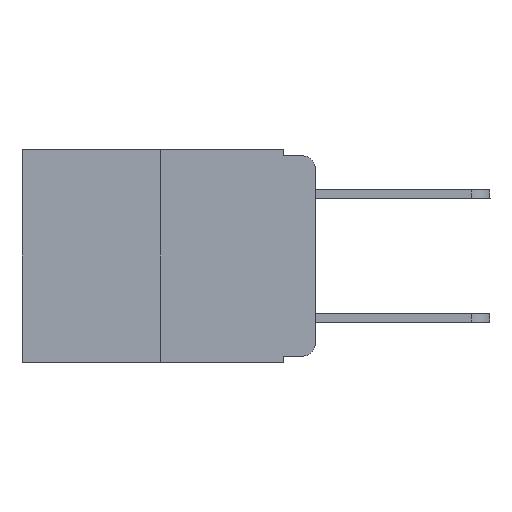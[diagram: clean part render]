
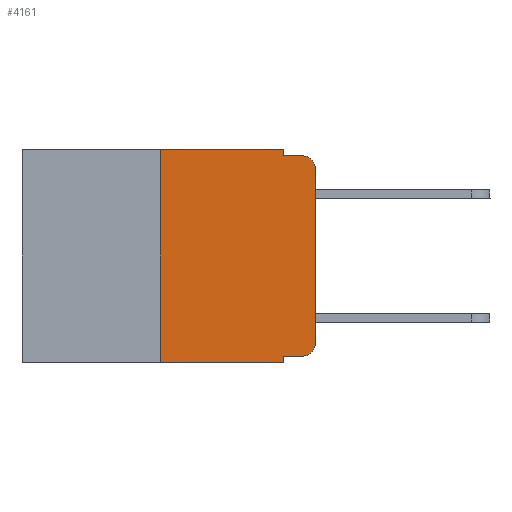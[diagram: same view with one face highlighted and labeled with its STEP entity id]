
A CAD part, left-side view. The second image highlights one B-rep face of the part: STEP entity #4161.
In plain terms, the highlighted planar face has unit normal (-1, 0, 0).
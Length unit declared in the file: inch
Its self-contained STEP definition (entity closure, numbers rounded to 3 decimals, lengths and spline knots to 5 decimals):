
#337 = EDGE_CURVE ( 'NONE', #19525, #14677, #18125, .T. ) ;
#1096 = DIRECTION ( 'NONE',  ( 0., 0., 1. ) ) ;
#1209 = EDGE_CURVE ( 'NONE', #7243, #7101, #4315, .T. ) ;
#1236 = CARTESIAN_POINT ( 'NONE',  ( 0., 0., -0.313 ) ) ;
#1493 = CARTESIAN_POINT ( 'NONE',  ( 0., 0.25, 0. ) ) ;
#1759 = VECTOR ( 'NONE', #14645, 39.37008 ) ;
#1848 = CARTESIAN_POINT ( 'NONE',  ( 0., 0.02, -0.313 ) ) ;
#2387 = CARTESIAN_POINT ( 'NONE',  ( 0., 0.051, -0.343 ) ) ;
#2466 = VECTOR ( 'NONE', #3647, 39.37008 ) ;
#2527 = EDGE_CURVE ( 'NONE', #3661, #4597, #5722, .T. ) ;
#2531 = CARTESIAN_POINT ( 'NONE',  ( 0., 0.25, -0.343 ) ) ;
#2651 = AXIS2_PLACEMENT_3D ( 'NONE', #13378, #22353, #20773 ) ;
#2685 = ORIENTED_EDGE ( 'NONE', *, *, #13599, .T. ) ;
#2820 = EDGE_CURVE ( 'NONE', #5294, #3661, #14529, .T. ) ;
#2821 = LINE ( 'NONE', #6984, #9242 ) ;
#3045 = VECTOR ( 'NONE', #20054, 39.37008 ) ;
#3330 = VERTEX_POINT ( 'NONE', #19326 ) ;
#3530 = CARTESIAN_POINT ( 'NONE',  ( 0., 0.473, 0. ) ) ;
#3574 = VECTOR ( 'NONE', #1096, 39.37008 ) ;
#3647 = DIRECTION ( 'NONE',  ( 0., -1., 0. ) ) ;
#3661 = VERTEX_POINT ( 'NONE', #1236 ) ;
#3689 = EDGE_CURVE ( 'NONE', #4597, #7101, #16062, .T. ) ;
#4014 = DIRECTION ( 'NONE',  ( 0., 0., 1. ) ) ;
#4109 = ORIENTED_EDGE ( 'NONE', *, *, #2820, .T. ) ;
#4161 = ADVANCED_FACE ( 'NONE', ( #6431 ), #8364, .F. ) ;
#4315 = LINE ( 'NONE', #7714, #1759 ) ;
#4552 = EDGE_CURVE ( 'NONE', #7382, #14677, #8307, .T. ) ;
#4597 = VERTEX_POINT ( 'NONE', #4881 ) ;
#4702 = ORIENTED_EDGE ( 'NONE', *, *, #12470, .F. ) ;
#4881 = CARTESIAN_POINT ( 'NONE',  ( 0., 0., -0.03 ) ) ;
#5246 = DIRECTION ( 'NONE',  ( -1., 0., 0. ) ) ;
#5294 = VERTEX_POINT ( 'NONE', #6202 ) ;
#5387 = DIRECTION ( 'NONE',  ( 0., 0., -1. ) ) ;
#5572 = ORIENTED_EDGE ( 'NONE', *, *, #337, .F. ) ;
#5597 = CARTESIAN_POINT ( 'NONE',  ( 0., 0.051, -0.01 ) ) ;
#5722 = LINE ( 'NONE', #7653, #15242 ) ;
#6202 = CARTESIAN_POINT ( 'NONE',  ( 0., 0.02, -0.333 ) ) ;
#6431 = FACE_OUTER_BOUND ( 'NONE', #11149, .T. ) ;
#6745 = CARTESIAN_POINT ( 'NONE',  ( 0., 0.02, -0.01 ) ) ;
#6984 = CARTESIAN_POINT ( 'NONE',  ( 0., 0.051, -0.333 ) ) ;
#7039 = DIRECTION ( 'NONE',  ( 0., -1., 0. ) ) ;
#7101 = VERTEX_POINT ( 'NONE', #6745 ) ;
#7243 = VERTEX_POINT ( 'NONE', #5597 ) ;
#7382 = VERTEX_POINT ( 'NONE', #2531 ) ;
#7636 = EDGE_CURVE ( 'NONE', #14393, #3330, #19115, .T. ) ;
#7653 = CARTESIAN_POINT ( 'NONE',  ( 0., 0., 0. ) ) ;
#7714 = CARTESIAN_POINT ( 'NONE',  ( 0., 0.051, -0.01 ) ) ;
#8109 = EDGE_CURVE ( 'NONE', #7382, #14393, #18479, .T. ) ;
#8254 = DIRECTION ( 'NONE',  ( 1., 0., 0. ) ) ;
#8307 = LINE ( 'NONE', #18985, #15568 ) ;
#8364 = PLANE ( 'NONE',  #16887 ) ;
#8692 = DIRECTION ( 'NONE',  ( 0., -1., 0. ) ) ;
#8924 = ORIENTED_EDGE ( 'NONE', *, *, #2527, .T. ) ;
#9170 = ORIENTED_EDGE ( 'NONE', *, *, #8109, .F. ) ;
#9242 = VECTOR ( 'NONE', #8692, 39.37008 ) ;
#10717 = ORIENTED_EDGE ( 'NONE', *, *, #1209, .F. ) ;
#11149 = EDGE_LOOP ( 'NONE', ( #8924, #22386, #10717, #4702, #20931, #9170, #12862, #5572, #2685, #4109 ) ) ;
#12470 = EDGE_CURVE ( 'NONE', #3330, #7243, #15722, .T. ) ;
#12862 = ORIENTED_EDGE ( 'NONE', *, *, #4552, .T. ) ;
#13378 = CARTESIAN_POINT ( 'NONE',  ( 0., 0.02, -0.03 ) ) ;
#13599 = EDGE_CURVE ( 'NONE', #19525, #5294, #2821, .T. ) ;
#13878 = DIRECTION ( 'NONE',  ( 0., 0., -1. ) ) ;
#14171 = AXIS2_PLACEMENT_3D ( 'NONE', #1848, #5246, #13878 ) ;
#14393 = VERTEX_POINT ( 'NONE', #1493 ) ;
#14529 = CIRCLE ( 'NONE', #14171, 0.02 ) ;
#14645 = DIRECTION ( 'NONE',  ( 0., -1., 0. ) ) ;
#14677 = VERTEX_POINT ( 'NONE', #2387 ) ;
#15242 = VECTOR ( 'NONE', #4014, 39.37008 ) ;
#15568 = VECTOR ( 'NONE', #7039, 39.37008 ) ;
#15722 = LINE ( 'NONE', #20964, #20460 ) ;
#16062 = CIRCLE ( 'NONE', #2651, 0.02 ) ;
#16887 = AXIS2_PLACEMENT_3D ( 'NONE', #18930, #8254, #20301 ) ;
#18125 = LINE ( 'NONE', #21635, #3045 ) ;
#18479 = LINE ( 'NONE', #19957, #3574 ) ;
#18930 = CARTESIAN_POINT ( 'NONE',  ( 0., 0.473, 0. ) ) ;
#18985 = CARTESIAN_POINT ( 'NONE',  ( 0., 0.473, -0.343 ) ) ;
#19115 = LINE ( 'NONE', #3530, #2466 ) ;
#19326 = CARTESIAN_POINT ( 'NONE',  ( 0., 0.051, 0. ) ) ;
#19525 = VERTEX_POINT ( 'NONE', #21820 ) ;
#19957 = CARTESIAN_POINT ( 'NONE',  ( 0., 0.25, 0. ) ) ;
#20054 = DIRECTION ( 'NONE',  ( 0., 0., -1. ) ) ;
#20301 = DIRECTION ( 'NONE',  ( 0., 0., -1. ) ) ;
#20460 = VECTOR ( 'NONE', #5387, 39.37008 ) ;
#20773 = DIRECTION ( 'NONE',  ( 0., 0., -1. ) ) ;
#20931 = ORIENTED_EDGE ( 'NONE', *, *, #7636, .F. ) ;
#20964 = CARTESIAN_POINT ( 'NONE',  ( 0., 0.051, 0. ) ) ;
#21635 = CARTESIAN_POINT ( 'NONE',  ( 0., 0.051, 0. ) ) ;
#21820 = CARTESIAN_POINT ( 'NONE',  ( 0., 0.051, -0.333 ) ) ;
#22353 = DIRECTION ( 'NONE',  ( -1., 0., 0. ) ) ;
#22386 = ORIENTED_EDGE ( 'NONE', *, *, #3689, .T. ) ;

### What to produce
Write out exactly the lines between the start of the data and the line with "#3574 = VECTOR ( 'NONE', #1096, 39.37008 ) ;", including both, but none of the pictures.

### Written response
[diagram: clean part render]
[diagram: same view with one face highlighted and labeled with its STEP entity id]
A CAD part, left-side view. The second image highlights one B-rep face of the part: STEP entity #4161.
In plain terms, the highlighted planar face has unit normal (-1, 0, 0).
Length unit declared in the file: inch
Its self-contained STEP definition (entity closure, numbers rounded to 3 decimals, lengths and spline knots to 5 decimals):
#337 = EDGE_CURVE ( 'NONE', #19525, #14677, #18125, .T. ) ;
#1096 = DIRECTION ( 'NONE',  ( 0., 0., 1. ) ) ;
#1209 = EDGE_CURVE ( 'NONE', #7243, #7101, #4315, .T. ) ;
#1236 = CARTESIAN_POINT ( 'NONE',  ( 0., 0., -0.313 ) ) ;
#1493 = CARTESIAN_POINT ( 'NONE',  ( 0., 0.25, 0. ) ) ;
#1759 = VECTOR ( 'NONE', #14645, 39.37008 ) ;
#1848 = CARTESIAN_POINT ( 'NONE',  ( 0., 0.02, -0.313 ) ) ;
#2387 = CARTESIAN_POINT ( 'NONE',  ( 0., 0.051, -0.343 ) ) ;
#2466 = VECTOR ( 'NONE', #3647, 39.37008 ) ;
#2527 = EDGE_CURVE ( 'NONE', #3661, #4597, #5722, .T. ) ;
#2531 = CARTESIAN_POINT ( 'NONE',  ( 0., 0.25, -0.343 ) ) ;
#2651 = AXIS2_PLACEMENT_3D ( 'NONE', #13378, #22353, #20773 ) ;
#2685 = ORIENTED_EDGE ( 'NONE', *, *, #13599, .T. ) ;
#2820 = EDGE_CURVE ( 'NONE', #5294, #3661, #14529, .T. ) ;
#2821 = LINE ( 'NONE', #6984, #9242 ) ;
#3045 = VECTOR ( 'NONE', #20054, 39.37008 ) ;
#3330 = VERTEX_POINT ( 'NONE', #19326 ) ;
#3530 = CARTESIAN_POINT ( 'NONE',  ( 0., 0.473, 0. ) ) ;
#3574 = VECTOR ( 'NONE', #1096, 39.37008 ) ;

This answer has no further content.